Cached at:
04/22/26, 07:04 PM
# Qwen3.6-27B: Flagship-Level Coding in a 27B Dense Model
Source: [https://simonwillison.net/2026/Apr/22/qwen36-27b/](https://simonwillison.net/2026/Apr/22/qwen36-27b/)
22nd April 2026 \- Link Blog
**[Qwen3\.6\-27B: Flagship\-Level Coding in a 27B Dense Model](https://qwen.ai/blog?id=qwen3.6-27b)**\([via](https://news.ycombinator.com/item?id=47863217)\) Big claims from Qwen about their latest open weight model:
> Qwen3\.6\-27B delivers flagship\-level agentic coding performance, surpassing the previous\-generation open\-source flagship Qwen3\.5\-397B\-A17B \(397B total / 17B active MoE\) across all major coding benchmarks\.
On Hugging Face[Qwen3\.5\-397B\-A17B](https://huggingface.co/Qwen/Qwen3.5-397B-A17B/tree/main)is 807GB, this new[Qwen3\.6\-27B](https://huggingface.co/Qwen/Qwen3.6-27B/tree/main)is 55\.6GB\.

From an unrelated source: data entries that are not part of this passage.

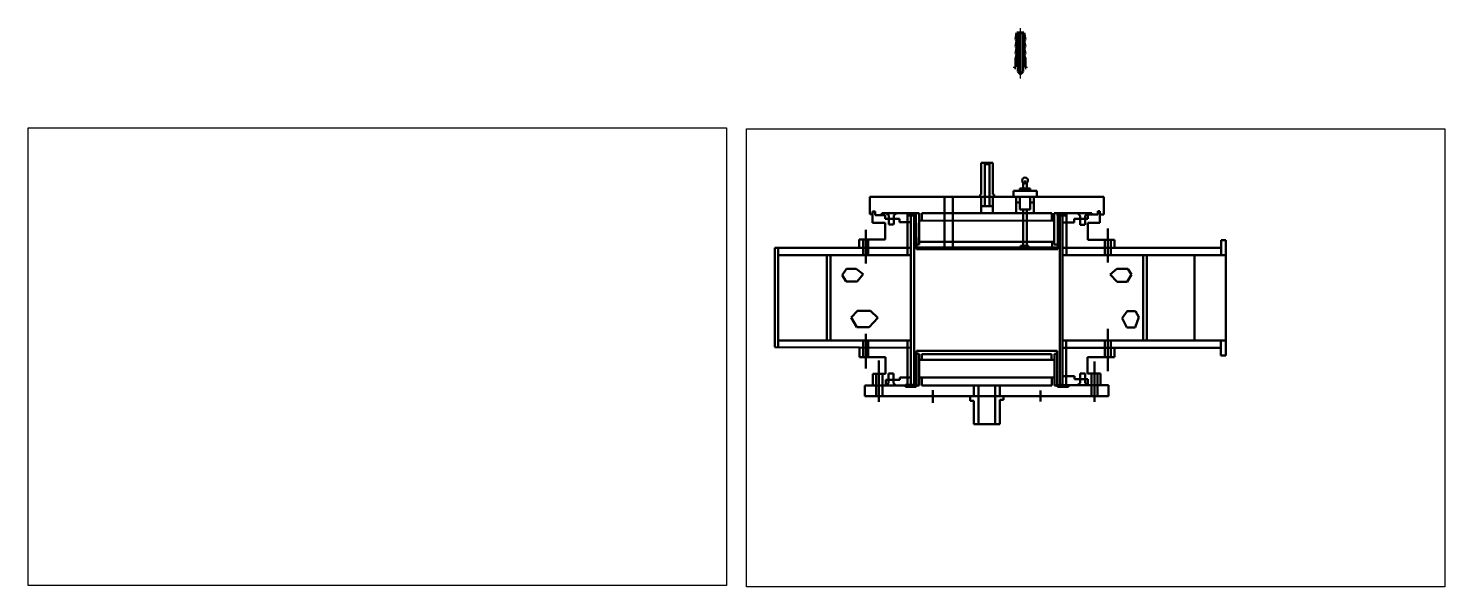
# Model space of a CAD drawing. Header units: millimetres. Extents: x 10739 to 32134, y 609 to 16625.
# Drawn here: x 18226 to 19440, y 1564 to 2043 of the extents above; entities that cross this region are included whole.
import ezdxf

# ---------------------------------------------------------------- set-up
doc = ezdxf.new("R2010")
doc.units = ezdxf.units.MM
doc.layers.add('1', color=2, linetype='Continuous')
doc.layers.add('2', color=1, linetype='Continuous', lineweight=60)
picture_1 = doc.add_image_def('image1.jpg', size_in_pixel=(944, 619))

msp = doc.modelspace()

# ---------------------------------------------------------------- linework, layer by layer
at = {"lineweight": 60}
for p, q in [((19071.20418, 2009.72583), (19071.20418, 2008.72583)), ((19071.20418, 2008.72583), (19072.20418, 2008.72583)), ((19080.20418, 2009.72583), (19081.20418, 2009.72583)), ((19081.20418, 2008.72583), (19080.20418, 2008.72583)), ((19081.20418, 2009.72583), (19081.20418, 2008.72583))]:
    msp.add_line(p, q, dxfattribs=at)
at = {"color": 18, "lineweight": 50, "true_color": 0x000000}
for p, q in [((19052.67826, 1927.36425), (19042.67826, 1927.36425)), ((19042.67826, 1927.36425), (19042.67826, 1900.36425)), ((19049.67826, 1926.44025), (19045.67826, 1926.44025)), ((19045.67826, 1926.44025), (19045.67826, 1890.44025)), ((19049.67826, 1890.44025), (19049.67826, 1926.44025)), ((19052.67826, 1925.36425), (19052.67826, 1927.36425)), ((19052.67826, 1900.36425), (19052.67826, 1925.36425)), ((19081.67826, 1910.36425), (19078.67826, 1910.36425)), ((19078.67826, 1910.36425), (19078.67826, 1905.36425)), ((19080.17826, 1910.36425), (19080.17826, 1912.36425)), ((19081.67826, 1910.36425), (19080.17826, 1910.36425)), ((19081.67826, 1905.36425), (19081.67826, 1910.36425)), ((19147.67826, 1898.36425), (18947.19038, 1898.36425)), ((18947.19038, 1898.36425), (18947.19038, 1883.3915)), ((19011.24079, 1898.36425), (19011.24079, 1853.36425)), ((19018.24079, 1853.36425), (19018.24079, 1898.36425)), ((19042.67826, 1900.36425), (19041.67826, 1900.36425)), ((19041.67826, 1900.36425), (19041.67826, 1898.36425)), ((19042.67826, 1884.44025), (19042.67826, 1898.36425)), ((19042.67826, 1898.36425), (19052.67826, 1898.36425)), ((19053.67826, 1900.36425), (19052.67826, 1900.36425)), ((19052.67826, 1898.36425), (19052.67826, 1884.44025)), ((19053.67826, 1898.36425), (19053.67826, 1900.36425)), ((19090.17826, 1903.36425), (19070.17826, 1903.36425)), ((19070.17826, 1903.36425), (19070.17826, 1898.36425)), ((19072.67826, 1898.36425), (19072.67826, 1893.36425)), ((19075.67826, 1903.36425), (19075.67826, 1905.36425)), ((19075.67826, 1905.36425), (19084.67826, 1905.36425)), ((19075.67826, 1893.36425), (19075.67826, 1898.36425)), ((19084.67826, 1905.36425), (19084.67826, 1903.36425)), ((19087.67826, 1898.36425), (19084.67826, 1898.36425)), ((19084.67826, 1898.36425), (19084.67826, 1887.36425)), ((19087.67826, 1898.36425), (19087.67826, 1893.36425)), ((19090.17826, 1898.36425), (19090.17826, 1903.36425)), ((19147.67826, 1883.0828), (19147.67826, 1898.36425)), ((18947.19038, 1883.3915), (18949.49606, 1883.3915)), ((18949.49606, 1883.3915), (18949.49606, 1885.69563)), ((18949.49606, 1885.69563), (18951.80184, 1885.69563)), ((18949.49606, 1875.88242), (18949.49606, 1883.3915)), ((18951.80184, 1885.69563), (18951.80184, 1882.67146)), ((18951.80184, 1882.67146), (18960.30416, 1882.67146)), ((18989.5122, 1884.38066), (18957.52092, 1884.38066)), ((18957.52092, 1884.38066), (18957.52092, 1882.67146)), ((18960.30416, 1882.67146), (18960.30416, 1879.3593)), ((18963.27326, 1882.164), (18961.04423, 1884.38066)), ((18963.27326, 1874.50676), (18963.27326, 1882.164)), ((18967.6174, 1882.164), (18969.84749, 1884.38066)), ((18967.6174, 1874.50676), (18967.6174, 1882.164)), ((18979.3352, 1848.30707), (18979.3352, 1884.38066)), ((18982.3352, 1876.62316), (18982.3352, 1882.33164)), ((18982.3352, 1882.33164), (18985.09612, 1882.33164)), ((18985.09612, 1882.33164), (18985.09612, 1737.1315)), ((18987.24079, 1857.36425), (18986.69614, 1882.33164)), ((18989.5122, 1877.9715), (18989.5122, 1884.38066)), ((18991.75706, 1877.9715), (18991.75706, 1884.44025)), ((18991.75706, 1884.44025), (19103.0367, 1884.44025)), ((19052.67826, 1890.44025), (19042.67826, 1890.44025)), ((19052.67826, 1884.44025), (19042.67826, 1884.44025)), ((19052.67826, 1890.44025), (19049.67826, 1890.44025)), ((19072.67826, 1893.36425), (19072.67826, 1884.44025)), ((19072.67826, 1893.36425), (19075.67826, 1893.36425)), ((19075.67826, 1893.36425), (19075.67826, 1887.36425)), ((19075.67826, 1887.36425), (19084.67826, 1887.36425)), ((19081.67826, 1887.36425), (19078.67826, 1887.36425)), ((19078.67826, 1887.36425), (19078.67826, 1856.36425)), ((19084.67826, 1887.36425), (19081.67826, 1887.36425)), ((19081.67826, 1887.36425), (19081.67826, 1856.36425)), ((19087.67826, 1893.36425), (19084.67826, 1893.36425)), ((19084.67826, 1887.36425), (19084.67826, 1893.36425)), ((19087.67826, 1893.36425), (19087.67826, 1884.44025)), ((19103.0367, 1884.44025), (19103.0367, 1877.67298)), ((19105.03691, 1884.11837), (19105.03691, 1884.44025)), ((19105.03691, 1884.44025), (19108.07031, 1884.44025)), ((19105.03691, 1877.66772), (19105.03691, 1884.11837)), ((19108.07031, 1884.44025), (19108.07031, 1884.25217)), ((19108.24079, 1857.36425), (19108.24079, 1882.22116)), ((19112.7434, 1882.33164), (19109.95892, 1882.33164)), ((19109.95892, 1882.33164), (19109.95892, 1737.23741)), ((19112.25838, 1737.23741), (19112.25838, 1882.33164)), ((19115.56043, 1881.89756), (19115.56043, 1884.25217)), ((19115.56043, 1884.25217), (19137.35572, 1884.25217)), ((19115.56043, 1848.30707), (19115.56043, 1881.89756)), ((19127.31047, 1882.03551), (19125.08144, 1884.25217)), ((19127.31047, 1874.37826), (19127.31047, 1882.03551)), ((19131.6546, 1882.03551), (19133.8847, 1884.25217)), ((19131.6546, 1874.37826), (19131.6546, 1882.03551)), ((19137.30245, 1883.0828), (19133.98804, 1883.0828)), ((19133.98804, 1883.0828), (19133.98804, 1879.35526)), ((19137.35572, 1884.25217), (19137.30245, 1883.0828)), ((19142.50218, 1883.0828), (19137.30245, 1883.0828)), ((19144.37558, 1885.96295), (19142.50218, 1885.96295)), ((19142.50218, 1885.96295), (19142.50218, 1883.0828)), ((19144.37558, 1875.88242), (19144.37558, 1885.96295)), ((19144.37558, 1883.0828), (19147.67826, 1883.0828)), ((18943.71002, 1848.30707), (18943.71002, 1870.15269)), ((18943.71002, 1870.15269), (18943.71002, 1841.15425)), ((18960.30416, 1875.88242), (18949.49606, 1875.88242)), ((18960.30416, 1879.3593), (18972.69734, 1879.3593)), ((18960.30416, 1861.82957), (18960.30416, 1875.88242)), ((18963.27326, 1874.50676), (18967.45314, 1874.50676)), ((18972.69734, 1879.3593), (18972.69734, 1876.62316)), ((18972.69734, 1876.62316), (18978.74982, 1876.62316)), ((18978.74982, 1876.62316), (18982.3352, 1876.62316)), ((18982.3352, 1876.62316), (18982.3352, 1737.05283)), ((18989.5122, 1877.9715), (18989.5122, 1859.59147)), ((19105.03691, 1877.66772), (18989.5122, 1877.9715)), ((19105.03691, 1859.59147), (19105.03691, 1877.66772)), ((19122.31537, 1876.33113), (19112.25838, 1876.33113)), ((19133.98804, 1879.35526), (19122.31537, 1879.35526)), ((19122.31537, 1879.35526), (19122.31537, 1876.33113)), ((19127.31047, 1874.37826), (19131.49035, 1874.37826)), ((19133.8558, 1861.48165), (19133.8558, 1875.88242)), ((19133.8558, 1875.88242), (19144.37558, 1875.88242)), ((19151.21793, 1861.48165), (19151.21793, 1871.12157)), ((19151.21793, 1871.12157), (19151.21793, 1842.01)), ((18938.08894, 1854.72891), (18938.08894, 1861.82957)), ((18938.08894, 1861.82957), (18960.30416, 1861.82957)), ((18941.45698, 1848.30707), (18941.45698, 1861.82957)), ((18941.45698, 1861.82957), (18945.76083, 1861.82957)), ((18945.76083, 1861.82957), (18945.76083, 1848.30707)), ((18989.5122, 1859.59147), (19105.03691, 1859.59147)), ((18989.5122, 1857.36425), (18989.5122, 1859.59147)), ((19105.03691, 1857.36425), (19105.03691, 1859.59147)), ((19156.76885, 1861.48165), (19133.8558, 1861.48165)), ((19148.55475, 1854.5693), (19148.55475, 1861.48165)), ((19148.55475, 1861.48165), (19153.74256, 1861.48165)), ((19153.74256, 1861.48165), (19153.74256, 1854.5693)), ((19156.76885, 1854.5693), (19156.76885, 1861.48165)), ((19252.3521, 1861.03639), (19248.29637, 1861.03639)), ((19248.29637, 1861.03639), (19248.29637, 1848.30707)), ((19252.3521, 1861.03639), (19252.3521, 1762.26708)), ((18865.68093, 1769.37822), (18865.68093, 1854.72891)), ((18865.68093, 1854.72891), (18982.3352, 1854.72891)), ((18868.66565, 1848.30707), (18868.66565, 1854.72891)), ((18982.3352, 1848.30707), (18868.66565, 1848.30707)), ((18868.66565, 1848.30707), (18868.66565, 1769.36792)), ((18910.35482, 1848.30707), (18910.35482, 1775.12263)), ((18913.35482, 1775.12263), (18913.35482, 1848.30707)), ((18982.3352, 1848.30707), (18979.3352, 1848.30707)), ((18982.3352, 1854.72891), (18982.3352, 1848.30707)), ((18987.24079, 1853.36425), (18987.24079, 1857.36425)), ((18987.24079, 1857.36425), (18989.5122, 1857.36425)), ((19011.24079, 1854.86425), (18987.24079, 1854.86425)), ((19011.24079, 1853.36425), (18987.24079, 1853.36425)), ((19018.24079, 1854.86425), (19011.24079, 1854.86425)), ((19011.24079, 1853.36425), (19018.24079, 1853.36425)), ((19108.24079, 1854.86425), (19018.24079, 1854.86425)), ((19018.24079, 1853.36425), (19108.24079, 1853.36425)), ((19083.24079, 1856.36425), (19076.24079, 1856.36425)), ((19076.24079, 1856.36425), (19076.24079, 1854.86425)), ((19083.24079, 1854.86425), (19083.24079, 1856.36425)), ((19108.24079, 1857.36425), (19105.03691, 1857.36425)), ((19108.24079, 1853.36425), (19108.24079, 1857.36425)), ((19108.24079, 1853.36425), (19108.24079, 1854.86425)), ((19148.55475, 1854.5693), (19112.25838, 1854.5693)), ((19248.29637, 1848.30707), (19112.25838, 1848.30707)), ((19153.74256, 1854.5693), (19148.55475, 1854.5693)), ((19148.55475, 1854.5693), (19148.55475, 1848.30707)), ((19248.29637, 1854.5693), (19153.74256, 1854.5693)), ((19153.74256, 1854.5693), (19153.74256, 1848.30707)), ((19181.47588, 1848.30707), (19181.47588, 1775.12263)), ((19184.51364, 1848.30707), (19184.51364, 1775.12263)), ((19225.45606, 1848.30707), (19225.45606, 1775.12263)), ((19248.29637, 1848.30707), (19252.3521, 1848.30707)), ((19151.26524, 1748.88956), (19151.26524, 1785.241)), ((18982.3352, 1775.12263), (18868.66565, 1775.12263)), ((18910.35482, 1775.12263), (18913.35482, 1775.12263)), ((18941.45698, 1760.82927), (18941.45698, 1775.12263)), ((18943.71295, 1780.83856), (18943.71295, 1751.06588)), ((18945.76083, 1775.12263), (18945.76083, 1760.82927)), ((18979.3352, 1775.12263), (18979.3352, 1737.19577)), ((19252.3521, 1775.12263), (19112.25838, 1775.12263)), ((19115.55127, 1775.12263), (19115.55127, 1736.8442)), ((19148.55475, 1775.12263), (19148.55475, 1760.82927)), ((19153.74256, 1775.12263), (19148.55475, 1775.12263)), ((19153.74256, 1760.82927), (19153.74256, 1775.12263)), ((19247.87733, 1762.26708), (19247.87733, 1775.12263)), ((19247.87733, 1775.12263), (19252.3521, 1775.12263)), ((18938.20784, 1769.12807), (18865.68093, 1769.37822)), ((18938.20784, 1760.82927), (18938.20784, 1769.12807)), ((18938.20784, 1769.12807), (18982.3352, 1768.97587)), ((18960.52826, 1760.82927), (18938.20784, 1760.82927)), ((18960.52826, 1746.63321), (18960.52826, 1760.82927)), ((18987.05738, 1763.64623), (18987.05738, 1766.17009)), ((18987.05738, 1766.17009), (19107.63171, 1766.17009)), ((18989.34901, 1763.64623), (18987.05738, 1763.64623)), ((18987.05738, 1763.64623), (18987.05738, 1736.61929)), ((18989.34901, 1743.49588), (18989.34901, 1763.64623)), ((18991.78453, 1758.62869), (18991.78453, 1763.34921)), ((18991.78453, 1763.34921), (19102.95035, 1763.34921)), ((19102.95035, 1763.34921), (19102.95035, 1758.62869)), ((19105.30397, 1763.64623), (19105.29045, 1743.49588)), ((19107.63171, 1763.64623), (19105.30397, 1763.64623)), ((19107.63171, 1766.17009), (19107.63171, 1764.36012)), ((19107.63171, 1764.36012), (19107.63171, 1763.64623)), ((19107.63171, 1763.64623), (19107.63171, 1737.23741)), ((19247.87733, 1768.97587), (19112.25838, 1768.97587)), ((19156.76885, 1760.82927), (19133.72178, 1760.82927)), ((19133.72178, 1760.82927), (19133.72178, 1746.96446)), ((19148.55475, 1760.82927), (19153.74256, 1760.82927)), ((19151.26524, 1760.82927), (19151.26524, 1748.88956)), ((19156.76885, 1768.97587), (19156.76885, 1760.82927)), ((19252.3521, 1762.26708), (19247.87733, 1762.26708)), ((18954.96481, 1722.64769), (18954.96481, 1757.92365)), ((19105.3006, 1758.62869), (18989.34901, 1758.62869)), ((19139.6422, 1722.64769), (19139.6422, 1757.06324)), ((18942.84304, 1727.41114), (18942.84304, 1736.61929)), ((18942.84304, 1736.61929), (18977.73806, 1736.61929)), ((18952.4207, 1746.63321), (18949.83346, 1746.63321)), ((18949.83346, 1746.63321), (18949.83346, 1736.61929)), ((18952.4207, 1736.61929), (18952.4207, 1746.63321)), ((18957.8826, 1746.63321), (18952.4207, 1746.63321)), ((18952.4207, 1727.41114), (18952.4207, 1736.61929)), ((18957.8826, 1736.61929), (18957.8826, 1746.63321)), ((18957.8826, 1746.63321), (18960.52826, 1746.63321)), ((18960.94899, 1736.61929), (18957.8826, 1736.61929)), ((18957.8826, 1736.61929), (18957.8826, 1727.41114)), ((18972.83109, 1741.55795), (18960.94899, 1741.55795)), ((18960.94899, 1741.55795), (18960.94899, 1736.61929)), ((18963.12101, 1738.58679), (18960.94899, 1736.61929)), ((18967.46515, 1746.76824), (18963.12101, 1746.76824)), ((18963.12101, 1746.76824), (18963.12101, 1741.7511)), ((18963.12101, 1741.7511), (18963.12101, 1738.58679)), ((18967.46515, 1741.7511), (18967.46515, 1746.76824)), ((18967.46515, 1741.7511), (18967.46515, 1738.58679)), ((18967.46515, 1738.58679), (18969.41974, 1736.61929)), ((18982.3352, 1743.49588), (18972.83109, 1743.49588)), ((18972.83109, 1743.49588), (18972.83109, 1741.55795)), ((18982.3352, 1737.05283), (18982.85802, 1737.1315)), ((18985.09612, 1737.1315), (18982.85802, 1737.1315)), ((18986.90602, 1736.61929), (18989.34901, 1736.61929)), ((18989.34901, 1736.61929), (18989.34901, 1743.49588)), ((18989.34901, 1743.49588), (18991.80365, 1743.49588)), ((18991.80365, 1743.49588), (18991.80365, 1736.61929)), ((19105.29045, 1743.49588), (18991.80365, 1743.49588)), ((18991.80365, 1736.61929), (19103.21972, 1736.61929)), ((19040.25914, 1736.61929), (19036.25914, 1736.61929)), ((19036.25914, 1736.61929), (19036.25914, 1727.41114)), ((19040.25914, 1736.61929), (19040.25914, 1703.55004)), ((19054.57694, 1703.55004), (19054.57694, 1736.61929)), ((19054.57694, 1736.61929), (19058.64895, 1736.61929)), ((19058.64895, 1736.61929), (19058.64895, 1727.41114)), ((19103.21972, 1736.61929), (19103.21972, 1743.49588)), ((19103.21972, 1743.49588), (19105.29045, 1743.49588)), ((19105.29045, 1743.49588), (19105.29045, 1736.61929)), ((19105.29045, 1736.61929), (19107.95159, 1736.61929)), ((19107.63171, 1737.23741), (19107.63171, 1736.61929)), ((19109.95892, 1737.23741), (19112.25838, 1737.23741)), ((19144.86176, 1736.8442), (19109.95892, 1736.8442)), ((19122.48007, 1744.59026), (19112.25838, 1744.59026)), ((19122.48007, 1741.97601), (19122.48007, 1744.59026)), ((19134.0213, 1741.97601), (19122.48007, 1741.97601)), ((19127.31047, 1738.81171), (19125.13845, 1736.8442)), ((19131.6546, 1746.99316), (19127.31047, 1746.99316)), ((19127.31047, 1746.99316), (19127.31047, 1741.97601)), ((19127.31047, 1741.97601), (19127.31047, 1738.81171)), ((19131.6546, 1741.97601), (19131.6546, 1746.99316)), ((19131.6546, 1740.18721), (19131.6546, 1741.97601)), ((19131.6546, 1741.97601), (19131.6546, 1738.81171)), ((19131.6546, 1738.81171), (19133.60919, 1736.8442)), ((19133.72178, 1746.96446), (19144.86176, 1746.96446)), ((19134.0213, 1736.8442), (19134.0213, 1741.97601)), ((19142.29346, 1746.96446), (19137.06643, 1746.96446)), ((19137.06643, 1746.96446), (19137.06643, 1727.41114)), ((19142.29346, 1727.41114), (19142.29346, 1746.96446)), ((19144.86176, 1746.96446), (19144.86176, 1736.8442)), ((19144.86176, 1736.8442), (19151.56423, 1736.8442)), ((19151.56423, 1736.8442), (19151.56423, 1727.41114)), ((19151.56423, 1727.41114), (18942.84304, 1727.41114)), ((18957.8826, 1727.41114), (18952.4207, 1727.41114)), ((19001.02657, 1721.78728), (19001.02657, 1732.54214)), ((19033.25914, 1723.55004), (19033.25914, 1727.41114)), ((19058.64895, 1727.41114), (19061.64895, 1727.41114)), ((19061.64895, 1724.41114), (19058.64895, 1724.41114)), ((19058.64895, 1724.41114), (19058.64895, 1703.55004)), ((19061.64895, 1727.41114), (19061.64895, 1724.41114)), ((19093.36522, 1722.86277), (19093.36522, 1732.32706)), ((19036.25914, 1723.55004), (19033.25914, 1723.55004)), ((19036.25914, 1703.55004), (19036.25914, 1723.55004)), ((19040.25914, 1703.55004), (19036.25914, 1703.55004)), ((19040.25914, 1703.55004), (19054.57694, 1703.55004)), ((19058.64895, 1703.55004), (19054.57694, 1703.55004))]:
    msp.add_line(p, q, dxfattribs=at)
at = {"color": 240, "lineweight": 50, "true_color": 0xed1f24}
for p, q in [((18986.69614, 1884.38066), (18979.65646, 1884.38066)), ((18979.65646, 1884.38066), (18979.65646, 1882.33164)), ((18979.65646, 1882.33164), (18985.09612, 1882.33164)), ((18985.09612, 1882.33164), (18986.69614, 1882.33164)), ((18986.69614, 1882.33164), (18986.69614, 1884.38066)), ((19115.56043, 1884.25217), (19108.07031, 1884.25217)), ((19108.07031, 1884.25217), (19108.07031, 1882.22116)), ((19108.07031, 1882.22116), (19109.95892, 1882.22116)), ((19112.25838, 1882.33164), (19115.56043, 1882.33164)), ((19115.56043, 1882.33164), (19115.56043, 1884.25217)), ((18986.90602, 1737.19577), (18977.69973, 1737.19577)), ((18977.69973, 1737.19577), (18977.73806, 1736.61929)), ((18977.73806, 1736.61929), (18977.73806, 1735.50101)), ((18986.90602, 1735.50101), (18986.90602, 1737.19577)), ((19117.29723, 1736.8442), (19107.95159, 1736.8442)), ((19107.95159, 1736.8442), (19107.95159, 1736.61929)), ((19107.95159, 1736.61929), (19107.95159, 1735.49893)), ((19117.29723, 1735.49893), (19117.29723, 1736.8442)), ((18977.73806, 1735.50101), (18986.90602, 1735.50101)), ((19107.95159, 1735.49893), (19117.29723, 1735.49893))]:
    msp.add_line(p, q, dxfattribs=at)
at = {"lineweight": 50}
for p, q in [((19103.33185, 1859.59147), (19103.33185, 1854.86425)), ((18923.36116, 1831.07544), (18927.19091, 1836.58617)), ((18927.19091, 1836.58617), (18935.46294, 1836.58617)), ((18935.46294, 1836.58617), (18941.28411, 1832.14698)), ((19158.73035, 1836.55226), (19153.13279, 1831.63383)), ((19168.28472, 1836.55226), (19158.73035, 1836.55226)), ((19171.46957, 1831.63383), (19168.28472, 1836.55226)), ((18926.73128, 1825.71773), (18923.36116, 1831.07544)), ((18936.38211, 1825.71773), (18926.73128, 1825.71773)), ((18941.28411, 1832.14698), (18936.38211, 1825.71773)), ((19153.13279, 1831.63383), (19159.01982, 1825.46171)), ((19159.01982, 1825.46171), (19167.70568, 1825.46171)), ((19167.70568, 1825.46171), (19171.46957, 1831.63383)), ((18936.53529, 1800.61318), (18931.02057, 1794.94935)), ((18947.56473, 1800.46008), (18936.38622, 1800.46008)), ((18953.84544, 1794.49009), (18947.56473, 1800.46008)), ((19163.37152, 1794.38876), (19167.811, 1800.36803)), ((19167.811, 1800.36803), (19174.95267, 1800.36803)), ((19174.95267, 1800.36803), (19177.7514, 1795.06384)), ((18931.02057, 1794.94935), (18936.07575, 1786.5301)), ((18936.07575, 1786.5301), (18946.49248, 1786.5301)), ((18946.49248, 1786.5301), (18953.84544, 1794.49009)), ((19167.52144, 1786.28784), (19163.37152, 1794.38876)), ((19174.56664, 1786.28784), (19167.52144, 1786.28784)), ((19177.7514, 1795.06384), (19174.56664, 1786.28784))]:
    msp.add_line(p, q, dxfattribs=at)
at = {"color": 18, "lineweight": 50, "true_color": 0x000000}
msp.add_circle((19080.17826, 1912.36425), 2.5, dxfattribs=at)
at = {"layer": '1', "color": 7}
msp.add_line((19076.20418, 1999.72583), (19076.20418, 2042.72583), dxfattribs=at)
at = {"layer": '2', "color": 7}
for p, q in [((19073.20418, 2038.72583), (19072.20418, 2032.72583)), ((19072.20418, 2032.72583), (19073.20418, 2031.72583)), ((19073.20418, 2031.72583), (19072.20418, 2026.72583)), ((19079.20418, 2038.72583), (19073.20418, 2038.72583)), ((19074.20418, 2005.72583), (19074.20418, 2038.72583)), ((19078.20418, 2005.72583), (19078.20418, 2038.72583)), ((19079.20418, 2038.72583), (19080.20418, 2032.72583)), ((19080.20418, 2032.72583), (19079.20418, 2031.72583)), ((19079.20418, 2031.72583), (19080.20418, 2026.72583)), ((19072.20418, 2026.72583), (19073.20418, 2025.72583)), ((19073.20418, 2025.72583), (19072.20418, 2020.72583)), ((19072.20418, 2020.72583), (19073.20418, 2019.72583)), ((19073.20418, 2019.72583), (19072.20418, 2016.72583)), ((19072.20418, 2009.72583), (19072.20418, 2016.72583)), ((19080.20418, 2026.72583), (19079.20418, 2025.72583)), ((19079.20418, 2025.72583), (19080.20418, 2020.72583)), ((19080.20418, 2020.72583), (19079.20418, 2019.72583)), ((19079.20418, 2019.72583), (19080.20418, 2016.72583)), ((19080.20418, 2009.72583), (19080.20418, 2016.72583)), ((19072.20418, 2009.72583), (19071.20418, 2009.72583)), ((19071.20418, 2008.72583), (19071.20418, 2008.72583)), ((19076.20418, 2003.72583), (19074.20418, 2005.72583)), ((19078.20418, 2005.72583), (19076.20418, 2003.72583))]:
    msp.add_line(p, q, dxfattribs=at)

# ---------------------------------------------------------------- pictures from other files: only their frames are drawn
image = msp.add_image(picture_1, insert=(18225.8507, 1565.05117), size_in_units=(598.47342, 392.43119))
image.dxf.flags = 7
image = msp.add_image(picture_1, insert=(18841.36597, 1564.17482), size_in_units=(598.47342, 392.43119))
image.dxf.flags = 7

doc.saveas('drawing.dxf')

I tried it out with the 16\.8GB Unsloth[Qwen3\.6\-27B\-GGUF:Q4\_K\_M](https://huggingface.co/unsloth/Qwen3.6-27B-GGUF)quantized version and`llama\-server`using this recipe by[benob on Hacker News](https://news.ycombinator.com/item?id=47863217#47865140), after first installing`llama\-server`using`brew install llama\.cpp`:
```
llama-server \
-hf unsloth/Qwen3.6-27B-GGUF:Q4_K_M \
--no-mmproj \
--fit on \
-np 1 \
-c 65536 \
--cache-ram 4096 -ctxcp 2 \
--jinja \
--temp 0.6 \
--top-p 0.95 \
--top-k 20 \
--min-p 0.0 \
--presence-penalty 0.0 \
--repeat-penalty 1.0 \
--reasoning on \
--chat-template-kwargs '{"preserve_thinking": true}'
```
On first run that saved the ~17GB model to`~/\.cache/huggingface/hub/models\-\-unsloth\-\-Qwen3\.6\-27B\-GGUF`\.
Here's[the transcript](https://gist.github.com/simonw/4d99d730c840df594096366db1d27281)for "Generate an SVG of a pelican riding a bicycle"\. This is an*outstanding*result for a 16\.8GB local model:

Performance numbers reported by`llama\-server`:
- Reading: 20 tokens, 0\.4s, 54\.32 tokens/s
- Generation: 4,444 tokens, 2min 53s, 25\.57 tokens/s
For good measure, here's[Generate an SVG of a NORTH VIRGINIA OPOSSUM ON AN E\-SCOOTER](https://gist.github.com/simonw/95735fe5e76e6fdf1753e6dcce360699)\(run previously[with GLM\-5\.1](https://simonwillison.net/2026/Apr/7/glm-51/)\):

That one took 6,575 tokens, 4min 25s, 24\.74 t/s\.